On Friday afternoon my TV switched itself off and went dead. I went to bed disgusted. It still didn't work on Saturday morning.
And at 9am today, Monday morning, a Sony representative informed me that the only option I had to fix the TV which was still under a 1 year warranty was to download this patch, put it (the patch not the Tv) on a USB stick and then stick the USB into the back of the dead TV. Self service. The new Sony warranty.
If I wanted to get a repair man out to do it then I would need to pay for it myself.
So just for fun I asked for the number of the closest Sony repair guy - at this stage I believed I could download the patch myself but I wanted to know how much it would cost to fix a TV under warranty.
Call me troublesome.
The repair guy told me he needed paperwork from Sony to come through normally before he could come out otherwise it would cost me.

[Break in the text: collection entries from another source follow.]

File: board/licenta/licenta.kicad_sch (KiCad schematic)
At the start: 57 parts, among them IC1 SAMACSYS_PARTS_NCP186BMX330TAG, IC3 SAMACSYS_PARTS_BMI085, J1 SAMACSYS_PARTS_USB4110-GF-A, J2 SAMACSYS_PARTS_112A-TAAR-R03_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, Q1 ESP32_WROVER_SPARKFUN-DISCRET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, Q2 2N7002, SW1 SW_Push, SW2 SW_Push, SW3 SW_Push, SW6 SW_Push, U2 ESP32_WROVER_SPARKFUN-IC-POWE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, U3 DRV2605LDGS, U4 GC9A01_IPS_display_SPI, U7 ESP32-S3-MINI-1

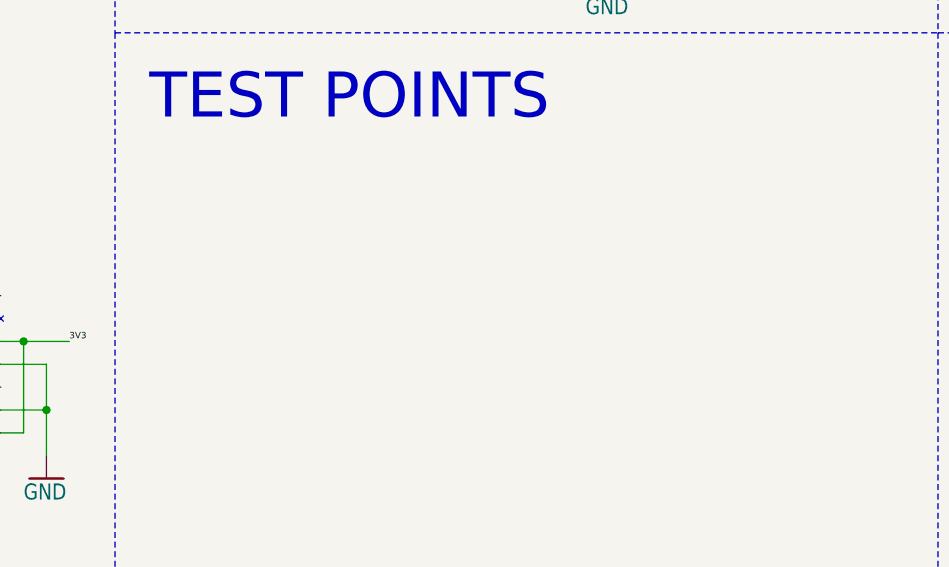
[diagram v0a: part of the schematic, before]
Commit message: Add DRU and minor pads update
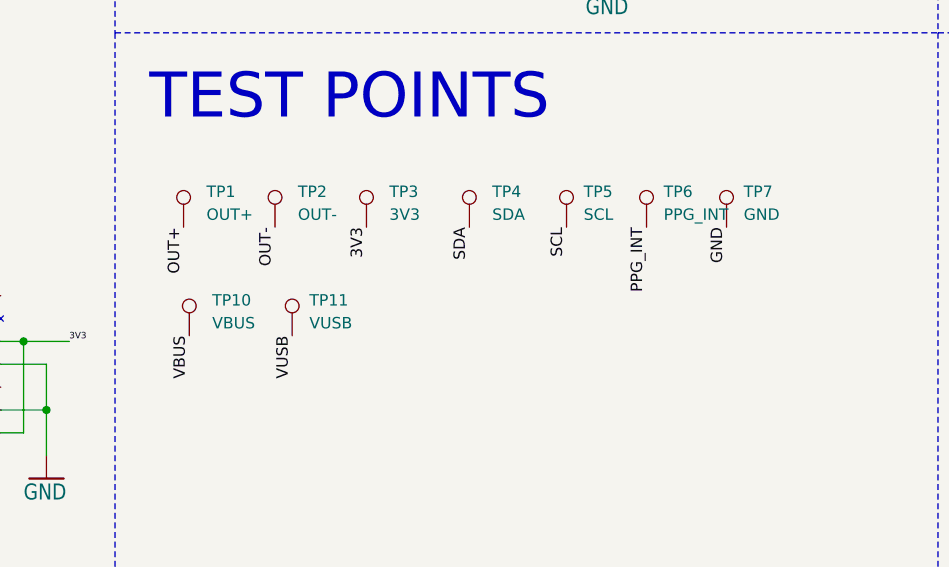
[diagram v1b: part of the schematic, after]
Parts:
- added TP1: OUT+, TestPoint:TestPoint_Pad_D2.0mm, symbol Connector:TestPoint
- added TP10: VBUS, TestPoint:TestPoint_Pad_1.0x1.0mm, symbol Connector:TestPoint
- added TP11: VUSB, TestPoint:TestPoint_Pad_1.0x1.0mm, symbol Connector:TestPoint
- added TP2: OUT-, TestPoint:TestPoint_Pad_D2.0mm, symbol Connector:TestPoint
- added TP3: 3V3, TestPoint:TestPoint_Pad_D2.0mm, symbol Connector:TestPoint
- added TP4: SDA, TestPoint:TestPoint_Pad_D2.0mm, symbol Connector:TestPoint
- added TP5: SCL, TestPoint:TestPoint_Pad_D2.0mm, symbol Connector:TestPoint
- added TP6: PPG_INT, TestPoint:TestPoint_Pad_D2.0mm, symbol Connector:TestPoint
- added TP7: GND, TestPoint:TestPoint_Pad_D2.0mm, symbol Connector:TestPoint
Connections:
- net 3V3: now also TP3.1
- net GND: now also TP7.1
- net OUT+: now also TP1.1
- net OUT-: now also TP2.1
- net PPG_INT: now also TP6.1
- net SCL: now also TP5.1
- net SDA: now also TP4.1
- net VBUS: now also TP10.1
- net VUSB: now also TP11.1

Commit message: Add DRC and start routing
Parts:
- removed TP11: VUSB, TestPoint:TestPoint_Pad_1.0x1.0mm, symbol Connector:TestPoint
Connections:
- net LTR_INT is gone; now on net IMU_INT: U7.15 (GPIO11/TOUCH11/ADC2_CH0/FSPID/FSPIIO5/SUBSPID)
- net DISP_RST: now also U7.20 (GPIO16/U0CTS/ADC2_CH5/XTAL_32K_N); no longer U7.10 (GPIO6/TOUCH6/ADC1_CH5)
- net GND: now also U7.1 (GND), U7.2 (GND), U7.42 (GND), U7.43 (GND), U7.46 (GND), U7.47 (GND), U7.48 (GND), U7.49 (GND), U7.50 (GND), U7.51 (GND), U7.52 (GND), U7.53 (GND), U7.54 (GND), U7.55 (GND), U7.56 (GND), U7.57 (GND), U7.58 (GND), U7.59 (GND), U7.60 (GND), U7.61 (GND), U7.62 (GND), U7.63 (GND), U7.64 (GND), U7.65 (GND)
- net IMU_INT: no longer U7.11 (GPIO7/TOUCH7/ADC1_CH6)
- net SS_SD: now also U7.21 (GPIO17/U1TXD/ADC2_CH6); no longer U7.9 (GPIO5/TOUCH5/ADC1_CH4)
- net TFT_DC: now also U7.22 (GPIO18/U1RXD/ADC2_CH7/CLK_OUT3); no longer U7.6 (GPIO2/TOUCH2/ADC1_CH1)
- net RX: no longer names the net of U7.36 (MTDO/GPIO40/CLK_OUT2)
- net TX: no longer names the net of U7.35 (MTCK/GPIO39/CLK_OUT3/SUBSPICS1)
- no-connect marks 1 -> 30
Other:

He thought it was weird too.
So I went to the website to download the patch - however the download is not Mac compatible so all I got was a page of crap. So I rang Sony again.
They wanted a reference number from my initial call and I told them that the generous guy who took my call didn't give me a reference number or take down any details.
No he "offered" me this download and website directions only - EVEN THOUGH THE ... TV... is still under WARRANTY!
They have promised to get back to me tomorrow. My 10-month-old TV is having a little lie down.
Shall keep you posted.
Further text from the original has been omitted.